Georgia High Court: Test Refusal Can’t Be Used As DUI Evidence
A driver’s refusal to submit to a breath test cannot be used as evidence in a criminal trial for driving under the influence, Georgia’s Supreme Court ruled Monday, throwing out that part of the state’s DUI laws as unconstitutional.
The high court unanimously agreed the provision violated the Georgia Constitution’s protection against self-incrimination.
Justice Nels S.D. Peterson, in the ruling , acknowledged the Supreme Court’s decision could make it more difficult to prosecute DUI offenses. But Peterson added: “The right to be free from compelled self-incrimination does not wax or wane based on the severity of a defendant’s alleged crimes.”
The decision came in a case where a driver challenged a DUI arrest in Clarke County. Andrea Elliott refused to submit to a breath test when she was arrested in August 2015, and prosecutors sought to use that refusal against her in a criminal trial, according to the Supreme Court ruling.

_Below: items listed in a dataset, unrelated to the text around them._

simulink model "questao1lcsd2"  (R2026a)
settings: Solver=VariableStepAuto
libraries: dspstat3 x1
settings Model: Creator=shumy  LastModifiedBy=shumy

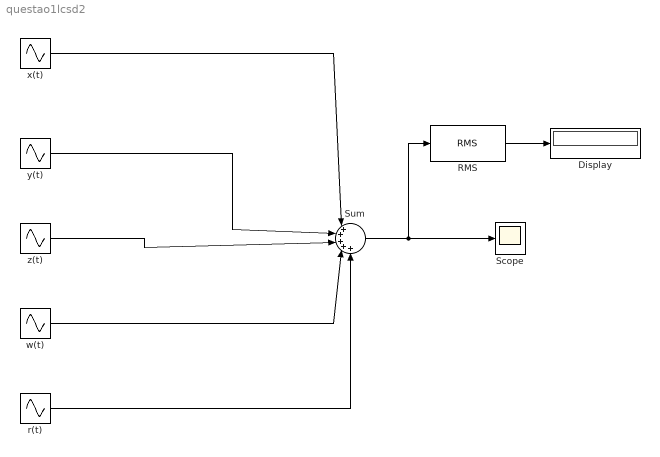
== system questao1lcsd2 ==
  Display : Display
  RMS : dspstat3/RMS  run=off  directionMode=Each column  dimension=1  InputProcessing=Columns as channels (frame based)  reset_popup=None
  Scope : Scope
      settings: ActiveDisplayYMinimum=-4.6328830327869  ActiveDisplayYMaximum=4.6413252042280337
  Sum : Sum  Inputs=|+++++
  r(t) : Sin  Amplitude=4/9  Frequency=18  SampleTime=0
  w(t) : Sin  Amplitude=4/7  Frequency=14  SampleTime=0
  x(t) : Sin  Amplitude=4  Frequency=2  SampleTime=0
  y(t) : Sin  Amplitude=4/3  Frequency=6  SampleTime=0
  z(t) : Sin  Amplitude=4/5  Frequency=10  SampleTime=0
  wires:
  x(t)/1 -> Sum/1
  y(t)/1 -> Sum/2
  z(t)/1 -> Sum/3
  w(t)/1 -> Sum/4
  r(t)/1 -> Sum/5
  Sum/1 -> RMS/1, Scope/1
  RMS/1 -> Display/1

Her lawyer argued the admission of that evidence at trial would violate her constitutional rights against self-incrimination. A lower court disagreed, and Elliott appealed the decision to the Georgia Supreme Court, which ruled in her favor Monday.
“This Court cannot change the Georgia Constitution, even if we believe there may be good policy reasons for doing so; only the General Assembly and the people of Georgia may do that. And this Court cannot rewrite statutes,” Peterson wrote in the opinion.
In a concurring opinion, Justice Michael P. Boggs noted the scope of the ruling was limited to circumstances involving a criminal proceeding. He wrote that a driver’s refusal to take a breath test still could be used in an administrative proceeding for a driver’s license suspension.